Tout comme pour n’importe quel travailleur, il est important pour un indépendant de se constituer une prévoyance sociale suffisamment solide pour lui permettre de vivre décemment durant sa retraite. La seule véritable prévoyance obligatoire sera l’AVS ou 1er pilier. Un indépendant est tenu de s’affilier à une caisse de compensation pour cotiser à l’AVS. Le montant des primes variera en fonction du chiffre d’affaires de ce dernier. L’affiliation à un 2e pilier ou prévoyance professionnelle n’est pas une obligation. La cotisation à l’AVS devrait suffire pour couvrir les besoins d’un indépendant lorsqu’il sera retraité. Toutefois, il est fortement conseillé de souscrire à un pilier facultatif.

 

Le retrait de son capital prévoyance

Le fait de décider de se mettre à son compte constitue un motif valable pour retirer les fonds de son second ou 3e pilier, si ce dernier est un lié 3a. Dans le cas où vous auriez cotisé durant plusieurs années et que vous souhaitez désormais démarrer votre propre business, ce capital pourrait vous servir de financement. Il est toutefois important de faire preuve de prudence, du fait que vous pourriez ne pas avoir assez de ressources une fois à la retraite. Bénéficier d’un plan de prévoyance en plus de l’AVS est une mine qui pourra toujours vous servir en cas de décès, d’invalidité ou d’un projet important.

 

Le choix du pilier facultatif en tant qu’indépendant

Opter pour un 2e pilier peut être une option fiscalement avantageuse pour un indépendant, notamment si son entreprise génère un revenu assez élevé. Il lui serait possible de déduire ses cotisations à ses impositions jusqu’à 25% du revenu AVS assurable. Il s’agit réellement d’une aubaine pour l’indépendant qui peut également déduire la part de cotisation de ses salariés en tant que charges d’entreprises. Opter pour un 3e pilier présente aussi de nombreux avantages fiscaux. En effet, un indépendant peut déduire de ses impôts des cotisations allant jusqu’à 20% du bénéfice brut d’exploitation.

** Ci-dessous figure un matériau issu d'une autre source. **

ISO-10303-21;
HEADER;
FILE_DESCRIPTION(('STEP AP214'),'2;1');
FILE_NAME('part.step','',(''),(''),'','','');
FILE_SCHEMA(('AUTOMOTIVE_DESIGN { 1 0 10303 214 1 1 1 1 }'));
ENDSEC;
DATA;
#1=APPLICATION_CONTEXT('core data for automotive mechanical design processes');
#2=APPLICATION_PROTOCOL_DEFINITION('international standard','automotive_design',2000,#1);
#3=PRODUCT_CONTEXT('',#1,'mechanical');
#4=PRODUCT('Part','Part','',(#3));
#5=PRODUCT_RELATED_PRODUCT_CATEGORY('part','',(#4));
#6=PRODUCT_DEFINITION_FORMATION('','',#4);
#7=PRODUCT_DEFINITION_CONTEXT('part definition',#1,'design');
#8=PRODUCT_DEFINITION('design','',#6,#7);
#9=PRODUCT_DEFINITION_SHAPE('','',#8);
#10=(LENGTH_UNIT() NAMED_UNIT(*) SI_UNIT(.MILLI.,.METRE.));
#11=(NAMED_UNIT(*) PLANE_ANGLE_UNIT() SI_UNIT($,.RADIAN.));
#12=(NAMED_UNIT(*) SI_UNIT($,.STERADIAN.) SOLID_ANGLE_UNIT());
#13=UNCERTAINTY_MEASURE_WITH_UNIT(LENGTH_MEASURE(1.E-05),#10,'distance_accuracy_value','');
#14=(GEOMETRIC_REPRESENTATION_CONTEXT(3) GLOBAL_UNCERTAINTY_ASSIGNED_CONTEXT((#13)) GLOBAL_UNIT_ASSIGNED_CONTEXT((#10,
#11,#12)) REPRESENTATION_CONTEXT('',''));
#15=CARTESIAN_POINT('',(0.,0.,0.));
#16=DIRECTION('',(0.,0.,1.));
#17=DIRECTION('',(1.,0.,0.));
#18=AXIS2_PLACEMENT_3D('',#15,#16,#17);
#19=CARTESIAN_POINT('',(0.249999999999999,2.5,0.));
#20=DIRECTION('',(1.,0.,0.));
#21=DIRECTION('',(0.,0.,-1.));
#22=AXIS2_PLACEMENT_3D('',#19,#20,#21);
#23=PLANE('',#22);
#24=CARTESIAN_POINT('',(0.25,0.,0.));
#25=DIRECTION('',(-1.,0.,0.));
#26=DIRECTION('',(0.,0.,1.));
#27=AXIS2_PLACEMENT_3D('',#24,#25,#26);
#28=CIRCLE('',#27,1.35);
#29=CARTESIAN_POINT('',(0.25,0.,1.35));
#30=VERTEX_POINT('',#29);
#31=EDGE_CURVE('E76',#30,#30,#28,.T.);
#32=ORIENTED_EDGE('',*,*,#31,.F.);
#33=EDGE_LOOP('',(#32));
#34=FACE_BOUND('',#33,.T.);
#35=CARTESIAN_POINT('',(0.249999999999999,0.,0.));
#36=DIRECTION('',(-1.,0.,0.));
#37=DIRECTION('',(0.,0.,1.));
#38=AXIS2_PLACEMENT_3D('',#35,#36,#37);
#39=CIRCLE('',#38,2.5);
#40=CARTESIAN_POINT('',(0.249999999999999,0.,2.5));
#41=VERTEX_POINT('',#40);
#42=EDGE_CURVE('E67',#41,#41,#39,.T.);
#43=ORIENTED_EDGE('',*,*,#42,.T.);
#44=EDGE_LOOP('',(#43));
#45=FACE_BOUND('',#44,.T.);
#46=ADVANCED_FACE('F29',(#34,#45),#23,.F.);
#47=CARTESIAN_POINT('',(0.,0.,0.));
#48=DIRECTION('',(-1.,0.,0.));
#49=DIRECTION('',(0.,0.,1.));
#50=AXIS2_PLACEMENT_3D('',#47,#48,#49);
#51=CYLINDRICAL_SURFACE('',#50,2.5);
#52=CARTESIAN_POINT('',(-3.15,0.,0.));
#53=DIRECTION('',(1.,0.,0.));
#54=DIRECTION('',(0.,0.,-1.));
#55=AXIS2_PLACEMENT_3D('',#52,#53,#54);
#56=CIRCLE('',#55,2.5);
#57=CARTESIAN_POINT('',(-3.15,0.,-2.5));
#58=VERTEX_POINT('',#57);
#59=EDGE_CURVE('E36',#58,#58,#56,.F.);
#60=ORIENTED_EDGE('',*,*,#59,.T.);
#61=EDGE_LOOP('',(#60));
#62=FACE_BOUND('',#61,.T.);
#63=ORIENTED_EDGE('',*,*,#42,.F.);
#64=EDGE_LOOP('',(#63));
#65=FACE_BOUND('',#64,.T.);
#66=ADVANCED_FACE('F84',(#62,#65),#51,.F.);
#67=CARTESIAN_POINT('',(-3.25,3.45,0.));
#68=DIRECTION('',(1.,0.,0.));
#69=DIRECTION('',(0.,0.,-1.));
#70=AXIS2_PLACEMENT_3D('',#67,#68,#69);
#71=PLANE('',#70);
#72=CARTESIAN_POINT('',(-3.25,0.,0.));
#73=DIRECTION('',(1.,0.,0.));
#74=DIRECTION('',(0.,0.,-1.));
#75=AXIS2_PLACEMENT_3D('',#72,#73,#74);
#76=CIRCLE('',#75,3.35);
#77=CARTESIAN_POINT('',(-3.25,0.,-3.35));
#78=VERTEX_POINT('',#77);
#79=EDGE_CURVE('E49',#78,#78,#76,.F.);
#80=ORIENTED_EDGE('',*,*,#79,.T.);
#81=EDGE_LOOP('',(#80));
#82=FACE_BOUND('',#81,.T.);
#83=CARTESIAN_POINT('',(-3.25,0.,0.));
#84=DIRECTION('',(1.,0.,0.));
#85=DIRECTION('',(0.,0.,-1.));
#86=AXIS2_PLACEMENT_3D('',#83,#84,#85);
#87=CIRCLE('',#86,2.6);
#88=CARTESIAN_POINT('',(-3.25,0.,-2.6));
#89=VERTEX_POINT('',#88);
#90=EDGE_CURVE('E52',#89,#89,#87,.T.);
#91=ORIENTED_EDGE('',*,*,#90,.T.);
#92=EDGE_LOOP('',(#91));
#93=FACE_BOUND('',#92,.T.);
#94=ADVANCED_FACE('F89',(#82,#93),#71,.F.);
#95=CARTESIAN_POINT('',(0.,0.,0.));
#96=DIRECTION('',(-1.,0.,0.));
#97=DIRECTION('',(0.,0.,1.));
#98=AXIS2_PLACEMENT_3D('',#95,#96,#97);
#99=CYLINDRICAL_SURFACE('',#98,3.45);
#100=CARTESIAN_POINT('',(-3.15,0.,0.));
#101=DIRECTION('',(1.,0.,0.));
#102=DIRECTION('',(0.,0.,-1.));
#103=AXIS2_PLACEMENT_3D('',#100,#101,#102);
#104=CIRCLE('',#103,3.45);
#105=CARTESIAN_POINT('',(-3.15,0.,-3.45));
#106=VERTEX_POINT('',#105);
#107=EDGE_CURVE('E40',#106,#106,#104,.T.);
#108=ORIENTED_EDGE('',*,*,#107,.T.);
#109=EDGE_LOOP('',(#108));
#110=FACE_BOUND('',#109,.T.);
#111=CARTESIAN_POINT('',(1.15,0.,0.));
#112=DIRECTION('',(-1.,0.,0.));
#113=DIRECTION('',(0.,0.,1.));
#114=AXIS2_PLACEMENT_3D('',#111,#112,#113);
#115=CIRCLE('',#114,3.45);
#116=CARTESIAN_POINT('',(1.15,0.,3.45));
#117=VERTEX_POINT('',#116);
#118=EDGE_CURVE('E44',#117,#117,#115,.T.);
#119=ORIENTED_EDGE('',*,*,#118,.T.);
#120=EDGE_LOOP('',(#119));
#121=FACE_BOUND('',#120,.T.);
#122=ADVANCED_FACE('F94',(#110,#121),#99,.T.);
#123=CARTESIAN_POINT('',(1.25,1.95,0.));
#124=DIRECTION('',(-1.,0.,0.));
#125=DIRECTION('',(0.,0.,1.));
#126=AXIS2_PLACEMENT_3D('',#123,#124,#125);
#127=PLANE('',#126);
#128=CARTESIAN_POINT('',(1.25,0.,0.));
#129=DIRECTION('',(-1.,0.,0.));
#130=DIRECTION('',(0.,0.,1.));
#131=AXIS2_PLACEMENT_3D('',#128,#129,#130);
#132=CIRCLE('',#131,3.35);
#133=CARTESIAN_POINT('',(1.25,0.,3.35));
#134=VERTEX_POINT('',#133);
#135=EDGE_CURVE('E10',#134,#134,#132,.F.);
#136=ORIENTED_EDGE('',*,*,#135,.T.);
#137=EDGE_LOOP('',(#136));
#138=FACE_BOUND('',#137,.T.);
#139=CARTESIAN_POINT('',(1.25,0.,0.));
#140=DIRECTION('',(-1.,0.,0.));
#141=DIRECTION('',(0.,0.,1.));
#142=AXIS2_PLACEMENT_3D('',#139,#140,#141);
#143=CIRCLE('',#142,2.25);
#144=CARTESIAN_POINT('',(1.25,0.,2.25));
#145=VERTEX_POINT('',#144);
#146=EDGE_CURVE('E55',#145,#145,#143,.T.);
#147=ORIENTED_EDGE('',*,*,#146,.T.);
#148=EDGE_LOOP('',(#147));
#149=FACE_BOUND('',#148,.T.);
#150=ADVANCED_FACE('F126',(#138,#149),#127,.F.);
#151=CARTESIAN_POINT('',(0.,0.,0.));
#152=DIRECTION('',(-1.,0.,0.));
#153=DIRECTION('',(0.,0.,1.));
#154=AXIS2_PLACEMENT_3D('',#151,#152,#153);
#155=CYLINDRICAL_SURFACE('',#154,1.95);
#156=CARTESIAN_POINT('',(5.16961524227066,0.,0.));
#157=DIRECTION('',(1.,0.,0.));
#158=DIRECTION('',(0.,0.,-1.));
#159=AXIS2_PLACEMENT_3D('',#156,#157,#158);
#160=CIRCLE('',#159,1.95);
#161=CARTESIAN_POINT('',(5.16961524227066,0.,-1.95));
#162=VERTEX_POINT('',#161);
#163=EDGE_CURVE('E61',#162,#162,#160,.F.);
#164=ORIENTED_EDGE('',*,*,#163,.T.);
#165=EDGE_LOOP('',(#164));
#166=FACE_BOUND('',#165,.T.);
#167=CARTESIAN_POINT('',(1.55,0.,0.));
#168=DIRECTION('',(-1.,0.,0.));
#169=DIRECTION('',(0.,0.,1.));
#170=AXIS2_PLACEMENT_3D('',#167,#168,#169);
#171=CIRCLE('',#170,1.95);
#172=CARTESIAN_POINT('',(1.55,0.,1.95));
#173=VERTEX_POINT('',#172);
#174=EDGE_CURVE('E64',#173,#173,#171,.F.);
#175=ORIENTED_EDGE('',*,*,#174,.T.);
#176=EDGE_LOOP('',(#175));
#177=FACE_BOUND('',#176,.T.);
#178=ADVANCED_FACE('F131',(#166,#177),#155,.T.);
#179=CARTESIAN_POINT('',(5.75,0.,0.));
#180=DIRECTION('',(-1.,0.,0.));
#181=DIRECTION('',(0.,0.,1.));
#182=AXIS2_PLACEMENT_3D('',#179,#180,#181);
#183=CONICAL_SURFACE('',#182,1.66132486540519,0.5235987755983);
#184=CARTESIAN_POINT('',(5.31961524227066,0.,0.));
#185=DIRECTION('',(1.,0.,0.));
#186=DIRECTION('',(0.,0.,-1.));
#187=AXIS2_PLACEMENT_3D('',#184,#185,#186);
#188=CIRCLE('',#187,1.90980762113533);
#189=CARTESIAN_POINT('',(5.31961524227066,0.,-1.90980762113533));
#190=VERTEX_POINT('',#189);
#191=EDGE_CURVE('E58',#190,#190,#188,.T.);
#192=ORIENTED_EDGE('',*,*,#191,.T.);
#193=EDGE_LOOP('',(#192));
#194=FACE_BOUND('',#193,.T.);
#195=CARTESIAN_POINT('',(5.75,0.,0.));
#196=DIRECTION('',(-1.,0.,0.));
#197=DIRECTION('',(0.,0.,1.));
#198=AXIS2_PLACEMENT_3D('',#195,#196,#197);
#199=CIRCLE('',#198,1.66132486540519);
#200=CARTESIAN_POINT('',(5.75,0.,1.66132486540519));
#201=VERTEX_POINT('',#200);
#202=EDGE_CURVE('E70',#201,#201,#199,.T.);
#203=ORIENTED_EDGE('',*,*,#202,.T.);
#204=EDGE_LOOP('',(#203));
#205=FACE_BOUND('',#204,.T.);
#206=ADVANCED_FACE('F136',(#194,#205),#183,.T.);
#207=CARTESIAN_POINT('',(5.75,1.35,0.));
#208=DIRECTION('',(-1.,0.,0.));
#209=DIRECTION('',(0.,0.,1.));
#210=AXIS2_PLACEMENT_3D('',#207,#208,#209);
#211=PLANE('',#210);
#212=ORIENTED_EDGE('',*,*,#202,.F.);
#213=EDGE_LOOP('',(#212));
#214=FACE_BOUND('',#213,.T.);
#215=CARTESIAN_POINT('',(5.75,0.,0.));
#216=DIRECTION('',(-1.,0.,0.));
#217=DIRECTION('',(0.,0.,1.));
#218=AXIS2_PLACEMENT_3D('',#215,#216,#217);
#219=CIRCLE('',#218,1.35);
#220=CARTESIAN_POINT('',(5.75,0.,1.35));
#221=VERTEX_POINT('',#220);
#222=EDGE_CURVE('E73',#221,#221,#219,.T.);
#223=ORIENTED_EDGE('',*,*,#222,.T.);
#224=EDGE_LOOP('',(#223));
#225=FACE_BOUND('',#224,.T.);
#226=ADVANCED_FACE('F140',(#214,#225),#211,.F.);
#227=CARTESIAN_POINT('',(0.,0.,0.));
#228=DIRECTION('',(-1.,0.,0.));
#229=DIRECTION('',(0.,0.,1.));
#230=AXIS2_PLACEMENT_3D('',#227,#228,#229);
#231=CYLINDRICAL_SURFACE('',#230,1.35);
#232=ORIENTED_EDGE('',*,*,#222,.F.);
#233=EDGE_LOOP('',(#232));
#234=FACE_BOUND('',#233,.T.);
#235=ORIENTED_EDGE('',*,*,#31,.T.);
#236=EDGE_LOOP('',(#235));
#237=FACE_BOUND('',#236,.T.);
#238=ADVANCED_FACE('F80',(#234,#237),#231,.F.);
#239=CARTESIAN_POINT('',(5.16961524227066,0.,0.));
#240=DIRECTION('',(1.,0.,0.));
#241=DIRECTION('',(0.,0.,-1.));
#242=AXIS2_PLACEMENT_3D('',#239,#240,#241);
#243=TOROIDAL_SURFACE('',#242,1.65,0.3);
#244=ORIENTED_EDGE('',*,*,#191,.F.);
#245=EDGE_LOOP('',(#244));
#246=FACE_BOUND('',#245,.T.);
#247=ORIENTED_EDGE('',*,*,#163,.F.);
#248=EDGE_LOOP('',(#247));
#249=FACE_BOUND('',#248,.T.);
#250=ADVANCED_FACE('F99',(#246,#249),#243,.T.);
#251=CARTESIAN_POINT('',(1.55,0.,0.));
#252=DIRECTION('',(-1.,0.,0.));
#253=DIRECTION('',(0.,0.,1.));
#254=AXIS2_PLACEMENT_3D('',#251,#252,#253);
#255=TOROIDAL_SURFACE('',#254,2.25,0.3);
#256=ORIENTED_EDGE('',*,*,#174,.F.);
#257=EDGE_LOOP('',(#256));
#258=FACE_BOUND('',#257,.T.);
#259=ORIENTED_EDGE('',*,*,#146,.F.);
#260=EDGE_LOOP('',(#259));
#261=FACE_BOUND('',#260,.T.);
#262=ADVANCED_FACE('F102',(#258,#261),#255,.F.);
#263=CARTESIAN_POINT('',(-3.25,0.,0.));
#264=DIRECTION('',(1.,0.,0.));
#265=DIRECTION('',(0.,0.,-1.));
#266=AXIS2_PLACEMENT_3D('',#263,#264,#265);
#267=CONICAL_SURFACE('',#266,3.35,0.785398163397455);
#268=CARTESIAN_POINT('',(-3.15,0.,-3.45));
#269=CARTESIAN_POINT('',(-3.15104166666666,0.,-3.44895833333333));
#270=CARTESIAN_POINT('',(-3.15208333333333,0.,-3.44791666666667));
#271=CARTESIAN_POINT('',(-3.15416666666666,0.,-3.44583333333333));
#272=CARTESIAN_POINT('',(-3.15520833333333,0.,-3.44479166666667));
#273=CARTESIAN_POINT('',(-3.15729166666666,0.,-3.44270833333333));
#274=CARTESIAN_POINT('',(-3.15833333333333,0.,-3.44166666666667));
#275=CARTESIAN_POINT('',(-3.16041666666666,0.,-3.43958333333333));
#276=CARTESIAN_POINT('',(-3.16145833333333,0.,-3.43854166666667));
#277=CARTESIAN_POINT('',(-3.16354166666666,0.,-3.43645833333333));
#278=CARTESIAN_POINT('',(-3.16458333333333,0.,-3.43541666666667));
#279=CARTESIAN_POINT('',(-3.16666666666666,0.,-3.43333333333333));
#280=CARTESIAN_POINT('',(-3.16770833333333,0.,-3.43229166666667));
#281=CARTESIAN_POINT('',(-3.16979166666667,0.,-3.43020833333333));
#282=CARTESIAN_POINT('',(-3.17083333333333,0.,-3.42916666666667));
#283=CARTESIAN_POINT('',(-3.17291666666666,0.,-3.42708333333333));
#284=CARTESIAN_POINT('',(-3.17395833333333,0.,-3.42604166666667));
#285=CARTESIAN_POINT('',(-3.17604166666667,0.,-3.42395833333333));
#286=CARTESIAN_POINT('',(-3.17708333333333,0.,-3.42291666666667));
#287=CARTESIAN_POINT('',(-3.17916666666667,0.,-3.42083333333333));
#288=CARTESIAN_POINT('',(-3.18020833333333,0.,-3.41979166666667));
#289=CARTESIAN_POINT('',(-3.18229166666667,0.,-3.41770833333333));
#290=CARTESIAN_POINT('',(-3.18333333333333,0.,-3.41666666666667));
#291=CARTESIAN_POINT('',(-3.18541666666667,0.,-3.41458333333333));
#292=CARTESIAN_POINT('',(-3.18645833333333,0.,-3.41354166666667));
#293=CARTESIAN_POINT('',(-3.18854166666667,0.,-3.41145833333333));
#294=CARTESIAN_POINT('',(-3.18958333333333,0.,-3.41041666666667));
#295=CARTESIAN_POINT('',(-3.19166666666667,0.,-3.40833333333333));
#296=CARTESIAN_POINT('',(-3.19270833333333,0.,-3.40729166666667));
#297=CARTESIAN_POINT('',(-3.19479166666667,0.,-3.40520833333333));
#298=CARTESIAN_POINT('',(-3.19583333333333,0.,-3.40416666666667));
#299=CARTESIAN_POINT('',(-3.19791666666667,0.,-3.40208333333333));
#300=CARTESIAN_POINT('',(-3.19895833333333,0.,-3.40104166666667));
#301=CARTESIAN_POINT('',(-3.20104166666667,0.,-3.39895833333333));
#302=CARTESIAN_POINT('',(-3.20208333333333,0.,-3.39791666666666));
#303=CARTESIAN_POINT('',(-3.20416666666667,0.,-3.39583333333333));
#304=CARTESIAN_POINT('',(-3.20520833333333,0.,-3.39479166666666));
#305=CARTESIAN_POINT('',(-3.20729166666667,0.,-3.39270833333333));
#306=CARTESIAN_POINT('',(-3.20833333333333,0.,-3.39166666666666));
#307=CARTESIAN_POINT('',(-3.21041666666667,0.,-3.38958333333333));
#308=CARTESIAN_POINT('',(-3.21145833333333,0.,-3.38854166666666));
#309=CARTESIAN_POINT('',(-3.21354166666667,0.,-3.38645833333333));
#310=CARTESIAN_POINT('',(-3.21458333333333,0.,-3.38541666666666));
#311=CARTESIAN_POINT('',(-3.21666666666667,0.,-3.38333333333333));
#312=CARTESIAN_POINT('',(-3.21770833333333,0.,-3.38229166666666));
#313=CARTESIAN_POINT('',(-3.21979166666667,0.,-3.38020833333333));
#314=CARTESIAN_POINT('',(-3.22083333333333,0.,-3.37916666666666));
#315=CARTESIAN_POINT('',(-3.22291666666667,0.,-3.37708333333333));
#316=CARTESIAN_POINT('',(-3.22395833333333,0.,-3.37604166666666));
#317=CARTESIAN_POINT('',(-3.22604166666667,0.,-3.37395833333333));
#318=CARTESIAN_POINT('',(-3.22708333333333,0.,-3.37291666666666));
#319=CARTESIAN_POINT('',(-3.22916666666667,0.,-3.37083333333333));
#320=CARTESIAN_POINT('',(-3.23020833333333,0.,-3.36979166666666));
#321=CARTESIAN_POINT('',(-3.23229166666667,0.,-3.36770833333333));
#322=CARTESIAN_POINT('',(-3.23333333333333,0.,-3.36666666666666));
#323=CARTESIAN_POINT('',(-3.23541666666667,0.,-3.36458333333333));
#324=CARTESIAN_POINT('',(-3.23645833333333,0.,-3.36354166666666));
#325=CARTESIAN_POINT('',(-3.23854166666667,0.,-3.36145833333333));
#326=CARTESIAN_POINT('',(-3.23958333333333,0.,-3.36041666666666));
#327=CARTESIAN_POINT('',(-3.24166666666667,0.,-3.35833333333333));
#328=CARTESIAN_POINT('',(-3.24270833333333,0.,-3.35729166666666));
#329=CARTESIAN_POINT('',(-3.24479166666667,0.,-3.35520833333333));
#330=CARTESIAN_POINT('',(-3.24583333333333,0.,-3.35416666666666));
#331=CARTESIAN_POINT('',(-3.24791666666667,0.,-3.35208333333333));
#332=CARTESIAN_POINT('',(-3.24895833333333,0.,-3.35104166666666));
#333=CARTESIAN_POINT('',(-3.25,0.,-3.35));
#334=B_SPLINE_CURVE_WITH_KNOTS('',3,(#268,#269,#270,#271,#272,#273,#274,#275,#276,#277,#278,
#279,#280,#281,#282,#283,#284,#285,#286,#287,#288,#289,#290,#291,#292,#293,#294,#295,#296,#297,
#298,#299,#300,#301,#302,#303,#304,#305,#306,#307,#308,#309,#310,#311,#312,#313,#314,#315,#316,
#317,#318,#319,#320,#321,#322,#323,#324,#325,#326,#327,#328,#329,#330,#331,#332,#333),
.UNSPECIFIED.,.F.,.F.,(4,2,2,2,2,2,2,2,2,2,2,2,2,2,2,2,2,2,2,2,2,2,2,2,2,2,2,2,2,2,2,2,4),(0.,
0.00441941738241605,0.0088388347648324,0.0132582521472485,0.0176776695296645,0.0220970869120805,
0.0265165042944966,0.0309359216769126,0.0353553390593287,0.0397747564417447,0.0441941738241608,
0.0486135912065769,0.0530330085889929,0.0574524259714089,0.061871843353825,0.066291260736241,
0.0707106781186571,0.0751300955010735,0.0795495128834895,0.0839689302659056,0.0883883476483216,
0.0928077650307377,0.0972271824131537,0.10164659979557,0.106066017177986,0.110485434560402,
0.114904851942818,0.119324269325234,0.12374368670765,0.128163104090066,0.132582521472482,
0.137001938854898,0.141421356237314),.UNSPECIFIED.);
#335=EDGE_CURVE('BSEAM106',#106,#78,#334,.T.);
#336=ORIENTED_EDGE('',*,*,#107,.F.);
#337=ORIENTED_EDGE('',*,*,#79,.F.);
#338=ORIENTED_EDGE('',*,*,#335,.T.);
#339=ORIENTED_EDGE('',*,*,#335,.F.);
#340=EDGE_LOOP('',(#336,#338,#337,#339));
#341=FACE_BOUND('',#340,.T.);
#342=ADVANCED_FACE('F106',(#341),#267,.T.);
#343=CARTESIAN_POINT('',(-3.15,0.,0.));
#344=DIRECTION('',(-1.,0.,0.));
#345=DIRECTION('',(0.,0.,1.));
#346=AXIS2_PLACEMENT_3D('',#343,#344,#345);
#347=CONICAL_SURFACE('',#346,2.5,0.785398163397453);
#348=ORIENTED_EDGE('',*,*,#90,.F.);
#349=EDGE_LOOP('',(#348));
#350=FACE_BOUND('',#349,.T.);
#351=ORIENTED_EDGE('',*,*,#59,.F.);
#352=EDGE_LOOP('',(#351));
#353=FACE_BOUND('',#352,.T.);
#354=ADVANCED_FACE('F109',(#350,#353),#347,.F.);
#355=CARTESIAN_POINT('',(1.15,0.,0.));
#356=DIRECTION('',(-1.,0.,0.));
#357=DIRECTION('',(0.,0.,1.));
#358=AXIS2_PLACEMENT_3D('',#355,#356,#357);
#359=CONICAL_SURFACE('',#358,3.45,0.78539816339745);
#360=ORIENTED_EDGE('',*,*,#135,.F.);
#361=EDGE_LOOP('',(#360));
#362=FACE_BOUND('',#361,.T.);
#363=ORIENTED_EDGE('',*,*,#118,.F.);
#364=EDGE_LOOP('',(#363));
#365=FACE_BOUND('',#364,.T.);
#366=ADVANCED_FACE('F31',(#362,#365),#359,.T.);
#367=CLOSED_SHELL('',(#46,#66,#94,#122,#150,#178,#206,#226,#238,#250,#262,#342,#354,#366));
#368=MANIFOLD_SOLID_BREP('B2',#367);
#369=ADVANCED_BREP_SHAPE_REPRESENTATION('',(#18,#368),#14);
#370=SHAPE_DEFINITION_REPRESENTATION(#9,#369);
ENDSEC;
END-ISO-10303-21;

Le choix du pilier dépendra essentiellement du chiffre d’affaires généré. Toutefois, le 3e pilier est intéressant et plus pratique, d’autant plus que le retrait de capital est assez facile. En règle général, un indépendant avisé souscrit à un 2e pilier et opte également pour quelques produits de 3e pilier complémentaires. Il est important de noter que, dans le cas où vous cotisiez déjà à un plan de prévoyance professionnelle, vos primes de 3e pilier seront plafonnées de la même manière que si vous étiez un salarié.

 

Le choix du 3e pilier en tant qu’indépendant

Vous disposez de deux choix en tant qu’indépendant : vous pouvez souscrire à un 3e pilier lié 3a ou un 3e pilier libre 3b. Le premier est vivement conseillé pour un indépendant dans la mesure où il vous permettra de déduire vos cotisations de vos impôts. La limite de plafond annuelle est de 33’840 francs. Le 3e pilier libre présente davantage de souplesse, mais beaucoup moins d’avantages fiscaux. Pour la souscription, préférez une compagnie d’assurances à une banque. De cette manière, vous pourrez jouir d’une assurance incapacité de gain et décès.

 

Dans le cas d’une incapacité de gain

Il n’est pas aisé de deviner à l’avance ce que la vie nous réservera. Que vous soyez indépendant ou salarié, le chômage n’épargne personne. Vous pourriez bien être confronté à une absence de revenus temporaire ou à une baisse d’activité. S’il s’agit d’une absence de revenus consécutive due à un accident ou à une maladie, l’option d’exonération de versement de prime en cas d’incapacité de gain vous couvrira. Ainsi, la compagnie d’assurance se chargera de cotiser à votre place. Dans le cas où votre business serait en faillite, il vous sera possible de retirer la totalité du capital pour redémarrer une tout autre activité n’ayant rien à voir avec celle en cours.

Si vous êtes confronté à une absence de revenus due à une baisse d’activité de votre société, il vous sera possible d’effectuer une négociation auprès de votre assureur. Vous négocierez une réduction temporaire de prime, ce qui signifie que votre cotisation sera baissée durant un certain laps de temps sans que votre contrat ne soit rompu. Le risque ici est que votre capital soit réduit lorsque vous atteindrez l’âge de la retraite. Il est vivement conseillé de maintenir le contrat aussi longtemps que possible afin de conserver vos couvertures invalidité et décès.